But hey, there's good and bad with every school!


----------



## trendybendy (Mar 6, 2012)

Oh dear, so do you think your SRS experience will be coming to an end sooner rather than later? I got such a different impression of the school at the interview. 

Can you answer a question for me? When they children break for summer hols, how soon are the teachers released from duties? I'm trying to figure out if I can make Glastonbury the last weekend in June 2013 you see. 

Thanks for your honest post x


----------



## MissS_185 (Feb 23, 2012)

Ok if there's good and bad what's the good!


----------



## Sweptaway (Apr 21, 2012)

The good?
Most of the staff are very nice. Facilities and (some) resources are decent. Dubai is a nice place to be. 

Typically, staff stay on for an extra week after the kids go. We left on the 30th of June last year. Don't bank on getting back for Glastonbury.


----------



## etait81 (Mar 27, 2011)

trendybendy said:


> Oh dear, so do you think your SRS experience will be coming to an end sooner rather than later? I got such a different impression of the school at the interview.
> 
> Can you answer a question for me? When they children break for summer hols, how soon are the teachers released from duties? I'm trying to figure out if I can make Glastonbury the last weekend in June 2013 you see.
> 
> Thanks for your honest post x


The MoE announced last week that holidays would be unified across all school. Still not 100% that it is happening as some schools have already had their calenders appoved, but if that's the case you won't make Glasto.

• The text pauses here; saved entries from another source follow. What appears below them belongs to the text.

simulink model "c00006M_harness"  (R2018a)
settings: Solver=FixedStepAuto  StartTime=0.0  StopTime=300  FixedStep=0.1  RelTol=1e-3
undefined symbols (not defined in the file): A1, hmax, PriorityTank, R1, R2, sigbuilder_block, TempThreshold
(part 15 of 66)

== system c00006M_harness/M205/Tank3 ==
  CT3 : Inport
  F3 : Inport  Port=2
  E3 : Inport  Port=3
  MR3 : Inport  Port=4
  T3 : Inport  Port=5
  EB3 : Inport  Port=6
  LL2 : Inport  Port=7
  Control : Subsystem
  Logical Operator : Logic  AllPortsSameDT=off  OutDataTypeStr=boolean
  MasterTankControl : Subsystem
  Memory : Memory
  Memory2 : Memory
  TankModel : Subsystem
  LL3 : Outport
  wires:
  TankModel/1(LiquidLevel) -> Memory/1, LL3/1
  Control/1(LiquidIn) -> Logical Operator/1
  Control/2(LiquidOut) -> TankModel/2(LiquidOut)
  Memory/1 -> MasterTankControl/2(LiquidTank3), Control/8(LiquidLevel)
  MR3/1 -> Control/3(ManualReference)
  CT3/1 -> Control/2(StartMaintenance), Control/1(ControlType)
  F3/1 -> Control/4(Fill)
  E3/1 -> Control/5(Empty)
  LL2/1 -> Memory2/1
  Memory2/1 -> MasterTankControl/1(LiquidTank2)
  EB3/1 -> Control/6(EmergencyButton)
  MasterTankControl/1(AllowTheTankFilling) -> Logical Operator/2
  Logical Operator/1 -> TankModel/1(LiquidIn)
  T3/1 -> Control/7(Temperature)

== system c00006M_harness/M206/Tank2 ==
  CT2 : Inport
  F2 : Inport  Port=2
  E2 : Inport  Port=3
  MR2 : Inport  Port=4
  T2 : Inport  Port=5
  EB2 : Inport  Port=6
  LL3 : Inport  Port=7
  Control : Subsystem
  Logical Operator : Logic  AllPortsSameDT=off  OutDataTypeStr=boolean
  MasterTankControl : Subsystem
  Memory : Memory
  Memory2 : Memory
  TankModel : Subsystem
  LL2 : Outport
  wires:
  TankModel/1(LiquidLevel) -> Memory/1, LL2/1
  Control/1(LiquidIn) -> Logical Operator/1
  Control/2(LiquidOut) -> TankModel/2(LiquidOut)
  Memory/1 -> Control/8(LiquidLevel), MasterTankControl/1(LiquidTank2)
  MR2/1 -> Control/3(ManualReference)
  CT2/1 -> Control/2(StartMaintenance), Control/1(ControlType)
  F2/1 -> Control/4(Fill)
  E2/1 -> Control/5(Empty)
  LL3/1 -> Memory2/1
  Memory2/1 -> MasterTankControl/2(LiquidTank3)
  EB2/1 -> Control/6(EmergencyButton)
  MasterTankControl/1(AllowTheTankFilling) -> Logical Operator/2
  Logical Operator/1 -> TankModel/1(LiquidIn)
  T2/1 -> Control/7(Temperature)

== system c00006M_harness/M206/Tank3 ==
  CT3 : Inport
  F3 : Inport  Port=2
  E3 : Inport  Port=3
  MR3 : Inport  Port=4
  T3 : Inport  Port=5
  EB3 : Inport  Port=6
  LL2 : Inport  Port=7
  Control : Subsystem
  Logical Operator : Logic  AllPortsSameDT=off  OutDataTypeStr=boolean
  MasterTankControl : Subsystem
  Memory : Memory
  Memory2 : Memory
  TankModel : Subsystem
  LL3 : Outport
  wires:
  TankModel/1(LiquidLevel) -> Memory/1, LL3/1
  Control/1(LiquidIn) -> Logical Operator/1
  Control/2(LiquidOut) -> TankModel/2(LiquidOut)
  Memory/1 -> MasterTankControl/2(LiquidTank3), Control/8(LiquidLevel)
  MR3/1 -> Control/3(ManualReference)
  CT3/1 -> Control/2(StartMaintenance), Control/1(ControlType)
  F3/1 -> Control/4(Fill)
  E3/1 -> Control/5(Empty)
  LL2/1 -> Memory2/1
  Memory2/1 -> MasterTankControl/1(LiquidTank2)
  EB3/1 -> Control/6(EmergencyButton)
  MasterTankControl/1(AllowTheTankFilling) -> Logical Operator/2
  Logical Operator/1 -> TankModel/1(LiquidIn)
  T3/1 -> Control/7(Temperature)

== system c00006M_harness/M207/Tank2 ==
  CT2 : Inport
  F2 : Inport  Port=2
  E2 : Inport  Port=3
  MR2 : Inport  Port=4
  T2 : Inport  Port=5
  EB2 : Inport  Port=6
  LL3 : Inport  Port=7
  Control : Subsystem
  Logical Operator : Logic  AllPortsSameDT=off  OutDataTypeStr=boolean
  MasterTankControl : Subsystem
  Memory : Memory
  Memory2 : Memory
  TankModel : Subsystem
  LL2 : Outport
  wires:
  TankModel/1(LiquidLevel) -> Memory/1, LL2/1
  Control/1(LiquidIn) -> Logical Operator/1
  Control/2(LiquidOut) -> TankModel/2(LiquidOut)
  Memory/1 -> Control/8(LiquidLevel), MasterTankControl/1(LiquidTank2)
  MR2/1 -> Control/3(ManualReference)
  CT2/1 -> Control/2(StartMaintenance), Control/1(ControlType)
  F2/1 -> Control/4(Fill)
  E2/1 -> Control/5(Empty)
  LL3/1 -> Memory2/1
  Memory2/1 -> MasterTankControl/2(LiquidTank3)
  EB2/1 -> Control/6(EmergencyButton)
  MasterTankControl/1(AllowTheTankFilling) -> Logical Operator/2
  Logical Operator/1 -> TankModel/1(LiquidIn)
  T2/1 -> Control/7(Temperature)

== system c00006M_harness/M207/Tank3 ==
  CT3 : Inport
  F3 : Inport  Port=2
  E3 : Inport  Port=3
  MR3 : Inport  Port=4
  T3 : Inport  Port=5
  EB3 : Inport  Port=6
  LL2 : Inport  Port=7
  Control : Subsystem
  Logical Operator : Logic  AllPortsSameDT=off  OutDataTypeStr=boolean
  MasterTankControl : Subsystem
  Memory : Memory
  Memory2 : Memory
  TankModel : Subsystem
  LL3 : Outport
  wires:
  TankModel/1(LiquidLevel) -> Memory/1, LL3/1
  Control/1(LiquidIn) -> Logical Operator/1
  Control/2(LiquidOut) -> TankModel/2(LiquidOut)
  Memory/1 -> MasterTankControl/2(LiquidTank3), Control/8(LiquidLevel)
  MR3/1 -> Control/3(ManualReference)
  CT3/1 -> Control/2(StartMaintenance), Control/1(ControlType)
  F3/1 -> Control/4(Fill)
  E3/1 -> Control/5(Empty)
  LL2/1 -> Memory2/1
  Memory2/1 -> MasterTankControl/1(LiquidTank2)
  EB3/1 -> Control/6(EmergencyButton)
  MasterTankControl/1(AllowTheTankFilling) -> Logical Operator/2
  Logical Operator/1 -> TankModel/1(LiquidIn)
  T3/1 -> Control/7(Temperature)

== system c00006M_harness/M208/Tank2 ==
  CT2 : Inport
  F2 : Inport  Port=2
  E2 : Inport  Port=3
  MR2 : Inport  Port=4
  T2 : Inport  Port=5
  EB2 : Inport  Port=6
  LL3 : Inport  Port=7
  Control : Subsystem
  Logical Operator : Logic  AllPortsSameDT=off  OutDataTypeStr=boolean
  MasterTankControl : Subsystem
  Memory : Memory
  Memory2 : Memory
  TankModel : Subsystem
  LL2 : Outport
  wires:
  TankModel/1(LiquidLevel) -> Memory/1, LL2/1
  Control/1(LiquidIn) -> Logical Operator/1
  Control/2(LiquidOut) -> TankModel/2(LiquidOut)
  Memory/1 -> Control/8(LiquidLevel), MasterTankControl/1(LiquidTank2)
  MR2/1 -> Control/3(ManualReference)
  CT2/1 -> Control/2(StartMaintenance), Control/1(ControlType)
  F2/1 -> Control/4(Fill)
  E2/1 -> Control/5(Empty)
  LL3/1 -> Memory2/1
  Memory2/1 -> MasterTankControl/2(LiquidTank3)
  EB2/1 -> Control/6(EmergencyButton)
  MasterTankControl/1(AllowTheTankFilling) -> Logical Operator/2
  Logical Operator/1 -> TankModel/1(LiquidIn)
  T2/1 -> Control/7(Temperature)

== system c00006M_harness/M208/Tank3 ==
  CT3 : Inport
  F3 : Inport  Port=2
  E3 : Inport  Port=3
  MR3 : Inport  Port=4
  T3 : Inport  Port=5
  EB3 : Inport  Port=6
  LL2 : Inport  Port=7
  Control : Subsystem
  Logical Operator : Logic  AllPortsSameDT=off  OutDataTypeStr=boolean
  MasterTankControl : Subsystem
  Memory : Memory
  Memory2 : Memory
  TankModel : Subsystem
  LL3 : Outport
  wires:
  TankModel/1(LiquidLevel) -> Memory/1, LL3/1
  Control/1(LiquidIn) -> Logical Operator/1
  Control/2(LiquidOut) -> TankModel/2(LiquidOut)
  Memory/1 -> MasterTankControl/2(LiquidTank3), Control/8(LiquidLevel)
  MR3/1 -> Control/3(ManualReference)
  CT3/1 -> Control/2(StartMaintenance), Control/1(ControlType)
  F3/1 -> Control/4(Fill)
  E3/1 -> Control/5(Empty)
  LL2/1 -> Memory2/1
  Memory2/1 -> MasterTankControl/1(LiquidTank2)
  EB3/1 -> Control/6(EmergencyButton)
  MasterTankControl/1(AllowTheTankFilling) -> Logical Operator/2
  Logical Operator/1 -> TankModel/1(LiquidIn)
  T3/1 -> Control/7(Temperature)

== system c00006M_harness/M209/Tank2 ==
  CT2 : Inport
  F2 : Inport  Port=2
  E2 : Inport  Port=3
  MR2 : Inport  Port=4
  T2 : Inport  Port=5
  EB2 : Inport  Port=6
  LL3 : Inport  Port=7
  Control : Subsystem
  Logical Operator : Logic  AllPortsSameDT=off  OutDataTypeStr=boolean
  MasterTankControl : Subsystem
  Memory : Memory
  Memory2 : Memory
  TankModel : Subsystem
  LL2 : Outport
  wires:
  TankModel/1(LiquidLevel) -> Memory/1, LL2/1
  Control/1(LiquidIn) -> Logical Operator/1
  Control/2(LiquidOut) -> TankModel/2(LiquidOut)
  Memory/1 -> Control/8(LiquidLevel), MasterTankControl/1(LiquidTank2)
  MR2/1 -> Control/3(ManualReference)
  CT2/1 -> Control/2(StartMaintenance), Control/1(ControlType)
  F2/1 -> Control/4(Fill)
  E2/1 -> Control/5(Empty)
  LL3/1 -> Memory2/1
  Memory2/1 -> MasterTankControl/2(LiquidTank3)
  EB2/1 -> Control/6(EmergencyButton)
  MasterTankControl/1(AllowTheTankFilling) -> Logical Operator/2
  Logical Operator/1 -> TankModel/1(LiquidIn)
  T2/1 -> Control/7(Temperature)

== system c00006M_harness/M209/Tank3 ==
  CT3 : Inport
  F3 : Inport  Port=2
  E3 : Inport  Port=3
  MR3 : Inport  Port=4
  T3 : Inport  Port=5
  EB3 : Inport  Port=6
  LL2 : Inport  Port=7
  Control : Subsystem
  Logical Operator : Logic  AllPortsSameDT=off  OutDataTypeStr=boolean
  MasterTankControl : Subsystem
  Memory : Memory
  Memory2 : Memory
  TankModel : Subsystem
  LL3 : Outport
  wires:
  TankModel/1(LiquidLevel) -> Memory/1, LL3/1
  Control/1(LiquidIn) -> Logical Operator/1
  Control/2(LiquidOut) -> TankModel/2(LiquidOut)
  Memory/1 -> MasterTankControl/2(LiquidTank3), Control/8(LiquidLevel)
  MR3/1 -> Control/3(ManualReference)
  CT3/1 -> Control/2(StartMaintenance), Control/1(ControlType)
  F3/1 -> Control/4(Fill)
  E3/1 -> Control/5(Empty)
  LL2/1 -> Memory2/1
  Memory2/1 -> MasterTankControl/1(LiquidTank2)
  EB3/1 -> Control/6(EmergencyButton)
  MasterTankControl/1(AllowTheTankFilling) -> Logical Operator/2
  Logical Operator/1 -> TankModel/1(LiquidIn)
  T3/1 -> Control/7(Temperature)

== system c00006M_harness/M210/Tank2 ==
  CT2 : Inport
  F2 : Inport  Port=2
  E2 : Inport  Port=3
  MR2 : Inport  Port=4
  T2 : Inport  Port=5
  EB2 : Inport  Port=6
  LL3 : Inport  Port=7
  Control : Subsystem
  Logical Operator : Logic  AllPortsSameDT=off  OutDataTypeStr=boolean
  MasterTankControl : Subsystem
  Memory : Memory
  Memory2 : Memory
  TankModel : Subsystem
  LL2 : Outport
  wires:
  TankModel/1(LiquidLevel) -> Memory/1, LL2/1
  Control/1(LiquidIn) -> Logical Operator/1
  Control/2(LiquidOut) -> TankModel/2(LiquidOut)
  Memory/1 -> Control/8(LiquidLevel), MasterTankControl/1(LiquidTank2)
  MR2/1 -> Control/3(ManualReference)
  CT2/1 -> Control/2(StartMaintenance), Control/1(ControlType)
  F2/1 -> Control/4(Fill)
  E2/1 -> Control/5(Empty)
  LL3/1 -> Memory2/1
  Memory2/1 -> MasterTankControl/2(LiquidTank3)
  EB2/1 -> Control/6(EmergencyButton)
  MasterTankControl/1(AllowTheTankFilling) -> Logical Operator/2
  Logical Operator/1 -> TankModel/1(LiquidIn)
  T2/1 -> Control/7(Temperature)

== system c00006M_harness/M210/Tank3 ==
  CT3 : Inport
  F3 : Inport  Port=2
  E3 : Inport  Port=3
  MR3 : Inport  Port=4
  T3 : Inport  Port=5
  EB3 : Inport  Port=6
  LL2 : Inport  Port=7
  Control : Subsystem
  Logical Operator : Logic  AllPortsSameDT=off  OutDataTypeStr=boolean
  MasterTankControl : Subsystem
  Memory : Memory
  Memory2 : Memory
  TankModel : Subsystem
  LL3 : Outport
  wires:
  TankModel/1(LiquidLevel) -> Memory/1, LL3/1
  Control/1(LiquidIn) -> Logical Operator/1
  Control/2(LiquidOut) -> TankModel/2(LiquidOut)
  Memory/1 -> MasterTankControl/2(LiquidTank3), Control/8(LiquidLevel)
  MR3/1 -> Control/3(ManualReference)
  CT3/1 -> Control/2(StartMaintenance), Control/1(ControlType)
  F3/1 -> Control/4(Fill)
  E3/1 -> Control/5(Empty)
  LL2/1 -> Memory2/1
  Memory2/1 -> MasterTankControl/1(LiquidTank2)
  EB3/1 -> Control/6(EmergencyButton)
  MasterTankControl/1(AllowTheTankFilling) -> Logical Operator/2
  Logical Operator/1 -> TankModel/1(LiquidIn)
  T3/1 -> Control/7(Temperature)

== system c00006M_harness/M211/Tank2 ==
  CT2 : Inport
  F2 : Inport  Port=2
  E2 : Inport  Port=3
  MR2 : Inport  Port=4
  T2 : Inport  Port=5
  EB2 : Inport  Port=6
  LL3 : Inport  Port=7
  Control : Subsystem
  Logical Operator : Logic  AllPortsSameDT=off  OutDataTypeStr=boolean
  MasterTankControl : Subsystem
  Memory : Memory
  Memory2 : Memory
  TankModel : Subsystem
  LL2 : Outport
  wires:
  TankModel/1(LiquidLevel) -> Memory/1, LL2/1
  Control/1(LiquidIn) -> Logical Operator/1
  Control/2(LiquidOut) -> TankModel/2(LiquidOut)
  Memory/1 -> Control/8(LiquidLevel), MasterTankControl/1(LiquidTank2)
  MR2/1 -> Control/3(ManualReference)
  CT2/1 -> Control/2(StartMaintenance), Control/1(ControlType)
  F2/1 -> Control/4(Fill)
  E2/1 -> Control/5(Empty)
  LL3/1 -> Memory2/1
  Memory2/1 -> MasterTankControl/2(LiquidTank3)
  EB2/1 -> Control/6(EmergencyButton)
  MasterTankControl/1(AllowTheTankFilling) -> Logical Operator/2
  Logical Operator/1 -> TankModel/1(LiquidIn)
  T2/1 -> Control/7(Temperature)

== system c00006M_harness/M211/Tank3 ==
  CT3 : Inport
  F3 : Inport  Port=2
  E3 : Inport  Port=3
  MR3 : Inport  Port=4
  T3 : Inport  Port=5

gulfnews : Parents, private schools in the dark over unified academic breaks

Sorry


----------



## smeigag (Apr 23, 2012)

*srs*

Hi All,
I am a new teacher starting september 2012 at srs school (secondary science) and the message above about the new accomodation in midrif, the lack management supprt and the children related to the owner has got me concerned. I was told this was a good school with good package???


----------



## MissS_185 (Feb 23, 2012)

Have you joined the FB group we've set up? I'm joining SRS along with a couple of others. If you pm me your email address I can add you to the group - there's quite a few of us on there now (including people joining other schools).


----------



## MissS_185 (Feb 23, 2012)

Hiya

I've tried to add you but any find you via your email address. I tried to pm you but I don't think your made enough posts yet -- you need to make 6 posts and then you can receive pm's and I can send you my email address to get on to the group.


----------



## MissS_185 (Feb 23, 2012)

It won't let me pm you and when I click on the link in your last post it just takes me to my home page!!


----------



## jonpaul_bradley (Apr 19, 2013)

*Wanting to speak with a current teacher at SRS Dubai*

Hi

I was hoping to speak with a current teacher at SRS Dubai as I have an interview there very shortly. Please contact via my email address jonpaul_bradley at hotmail dot com

Thank you very much


----------



## jonpaul_bradley (Apr 19, 2013)

*SRS facebook page*



MissS_185 said:


> Have you joined the FB group we've set up? I'm joining SRS along with a couple of others. If you pm me your email address I can add you to the group - there's quite a few of us on there now (including people joining other schools).


Hi

Can you add me to the SRS facebook page please? I have an interview for the school this week and would like to find out more information

My name is Jon-Paul Bradley and I am located in Melbourne or alternatively send me the link to the page

email address is jonpaul_bradley at hot mail dot com

Thanks


----------



## jonpaul_bradley (Apr 19, 2013)

Hi, thank you for the message. I would like to be a part of the facebook group! What is the name of the group? Thanks. Jon-Paul Bradley


----------



## jonpaul_bradley (Apr 19, 2013)

*SRS Dubai*



AmyWales13 said:


> I can add u, you just need to write another 2 posts and you can send me a PM with ur details  x


Here is post number 1!  
Thanks


----------



## jonpaul_bradley (Apr 19, 2013)

*SRS Dubai*



AmyWales13 said:


> I can add u, you just need to write another 2 posts and you can send me a PM with ur details  x


Post number 2, I am very excite


----------



## adventure_teacher (May 25, 2015)

Hi, just wondering if anyone has any information on the accommodation - where it is exactly etc.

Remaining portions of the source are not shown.